*** Opening Data to use ***

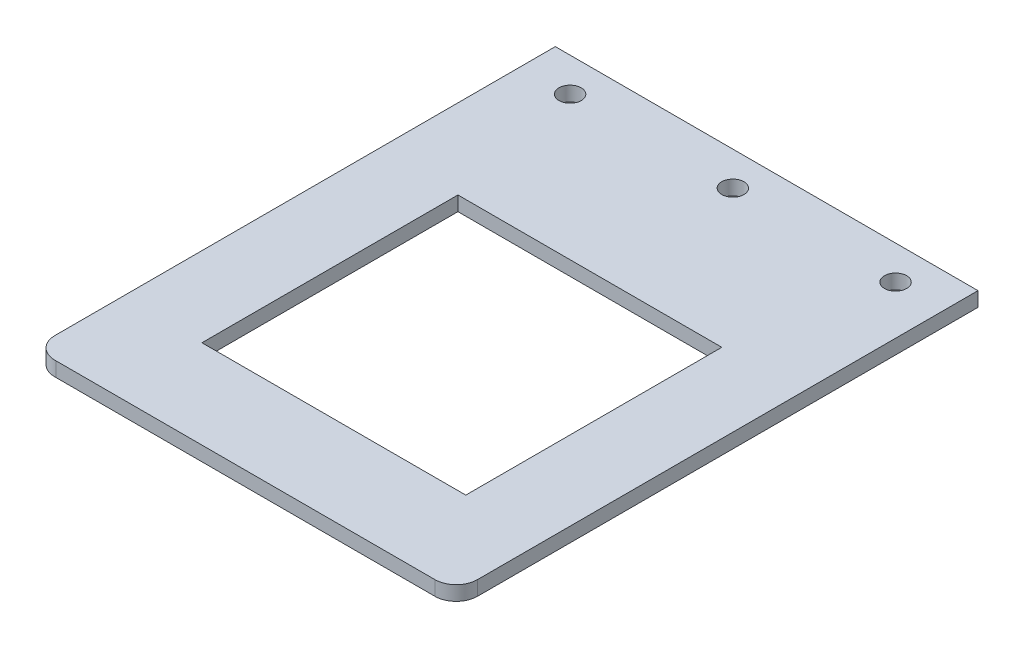
SolidWorks part; units mm, degrees
ref_plane "Front Plane" through (0, 0, 0) normal (0, 0, 1) x (1, 0, 0)
ref_plane "Top Plane" through (0, 0, 0) normal (0, 1, 0) x (1, 0, 0)
ref_plane "Right Plane" through (0, 0, 0) normal (1, 0, 0) x (0, 0, -1)
sketch "Sketch1" plane through (0, 0, 0) normal (0, 1, 0) x (1, 0, 0)
  line L9 (-22.8759, -25.5118) -> (16.3453, -25.5118)
  line L10 (-16.9379, -16.3429) -> (10.3671, -16.3429)
  line L11 (10.3671, -16.3429) -> (10.3671, 10.1491)
  line L12 (10.3671, 10.1491) -> (-16.9379, 10.1491)
  line L13 (-16.9379, 10.1491) -> (-16.9379, -16.3429)
  line L16 (-14.2871, 14.6854) -> (12.9539, 14.6854)
  line L17 (12.9539, 14.6854) -> (12.9539, 18.4324)
  line L18 (12.9539, 18.4324) -> (-14.2871, 18.4324)
  line L19 (-14.2871, 18.4324) -> (-14.2871, 14.6854)
  line L22 (-25.1937, -23.3118) -> (-25.1937, 28.4832)
  line L23 (18.5453, 28.4832) -> (18.5453, -23.3118)
  line L24 (-25.1937, 28.4832) -> (18.5453, 28.4832)
  circle A0 centre (-20.1649, 24.9832) radius 1.15
  circle A1 centre (-3.3249, 24.9832) radius 1.15
  circle A2 centre (13.5151, 24.9832) radius 1.15
  arc A3 (-25.1937, -23.3118) -> (-22.8759, -25.5118) centre (-22.9907, -23.3118) ccw
  arc A4 (18.5453, -23.3118) -> (16.3453, -25.5118) centre (16.3453, -23.3118) cw
extrude "Boss-Extrude1" add sketch "Sketch1" along normal blind 1.5
sketch "Sketch2" plane through (0, 1.5, 0) normal (0, 1, 0) x (1, 0, 0)
  line L0 (-14.2871, 18.4324) -> (12.9539, 18.4324)
  line L1 (12.9539, 18.4324) -> (12.9539, 14.6854)
  line L2 (12.9539, 14.6854) -> (-14.2871, 14.6854)
  line L3 (-14.2871, 14.6854) -> (-14.2871, 18.4324)
  line L4 (18.5453, 28.4832) -> (-25.1937, 28.4832)
  line L5 (-25.1937, 28.4832) -> (-25.1937, -23.3118)
  line L6 (-22.8759, -25.5118) -> (16.3453, -25.5118)
  line L7 (18.5453, -23.3118) -> (18.5453, 28.4832)
  line L8 (18.5453, 28.4832) -> (-25.1937, 28.4832)
  line L9 (-25.1937, 28.4832) -> (-25.1937, -23.3118)
  line L10 (-22.8759, -25.5118) -> (16.3453, -25.5118)
  line L11 (18.5453, -23.3118) -> (18.5453, 28.4832)
  arc A2 (-25.1937, -23.3118) -> (-22.8759, -25.5118) centre (-22.9907, -23.3118) ccw
  arc A3 (16.3453, -25.5118) -> (18.5453, -23.3118) centre (16.3453, -23.3118) ccw
  arc A4 (-25.1937, -23.3118) -> (-22.8759, -25.5118) centre (-22.9907, -23.3118) ccw
  arc A5 (16.3453, -25.5118) -> (18.5453, -23.3118) centre (16.3453, -23.3118) ccw
  dimension "D1" = 0
extrude "Boss-Extrude2" add sketch "Sketch2" along normal blind 2 separate body contours L3 L0 L1 L2
sketch "Sketch3" plane through (0, 1.5, 0) normal (0, -1, 0) x (1, 0, 0)
  line L4 (12.9539, -14.6854) -> (-14.2871, -14.6854)
  line L5 (-14.2871, -14.6854) -> (-14.2871, -18.4324)
  line L6 (-14.2871, -18.4324) -> (12.9539, -18.4324)
  line L7 (12.9539, -18.4324) -> (12.9539, -14.6854)
  line L8 (12.9539, -14.6854) -> (-14.2871, -14.6854)
  line L9 (-14.2871, -14.6854) -> (-14.2871, -18.4324)
  line L10 (-14.2871, -18.4324) -> (12.9539, -18.4324)
  line L11 (12.9539, -18.4324) -> (12.9539, -14.6854)
  dimension "D1" = 0
extrude "Boss-Extrude3" add sketch "Sketch3" along normal up to surface (1.5 mm away) up to face at (-3.3249, 0, -23.8332)
sketch "Sketch5" plane through (0, 0, 0) normal (0, -1, 0) x (1, 0, 0)
  line L0 (-14.2871, -18.4324) -> (-9.2871, -18.4324)
  line L1 (-9.2871, -18.4324) -> (-9.2871, -14.6854)
  line L2 (12.9539, -18.4324) -> (7.9539, -18.4324)
  line L3 (7.9539, -18.4324) -> (7.9539, -14.6854)
  line L4 (12.9539, -14.6854) -> (-14.2871, -14.6854)
  line L5 (12.9539, -18.4324) -> (12.9539, -14.6854)
  line L6 (-14.2871, -18.4324) -> (12.9539, -18.4324)
  line L7 (-14.2871, -14.6854) -> (-14.2871, -18.4324)
  line L8 (12.9539, -14.6854) -> (-14.2871, -14.6854)
  line L9 (12.9539, -18.4324) -> (12.9539, -14.6854)
  line L10 (-14.2871, -18.4324) -> (12.9539, -18.4324)
  line L11 (-14.2871, -14.6854) -> (-14.2871, -18.4324)
  line L12 (7.9539, -14.6854) -> (-9.2871, -14.6854)
  line L13 (-9.2871, -18.4324) -> (7.9539, -18.4324)
  dimension "D1" = 0
extrude "Boss-Extrude4" add sketch "Sketch5" along normal blind 2 contours L1 L10 L3 L8 region at (-0.6666, 0, -16.5589)
sketch "Sketch6" plane through (0, 3.5, 0) normal (0, 1, 0) x (1, 0, 0)
  line L4 (-14.2871, 14.6854) -> (12.9539, 14.6854)
  line L5 (12.9539, 14.6854) -> (12.9539, 18.4324)
  line L6 (12.9539, 18.4324) -> (-14.2871, 18.4324)
  line L7 (-14.2871, 18.4324) -> (-14.2871, 14.6854)
  line L8 (-14.2871, 14.6854) -> (12.9539, 14.6854)
  line L9 (12.9539, 14.6854) -> (12.9539, 18.4324)
  line L10 (12.9539, 18.4324) -> (-14.2871, 18.4324)
  line L11 (-14.2871, 18.4324) -> (-14.2871, 14.6854)
  dimension "D1" = 0
extrude "Cut-Extrude1" cut sketch "Sketch6" against normal up to surface (2 mm away) up to face at (-0.6666, 1.5, -16.5589)

*** Closing Data to use ***

- What to work on
Copy each line of the data that includes the word "along".

- Output below
extrude "Boss-Extrude1" add sketch "Sketch1" along normal blind 1.5
extrude "Boss-Extrude2" add sketch "Sketch2" along normal blind 2 separate body contours L3 L0 L1 L2
extrude "Boss-Extrude3" add sketch "Sketch3" along normal up to surface (1.5 mm away) up to face at (-3.3249, 0, -23.8332)
extrude "Boss-Extrude4" add sketch "Sketch5" along normal blind 2 contours L1 L10 L3 L8 region at (-0.6666, 0, -16.5589)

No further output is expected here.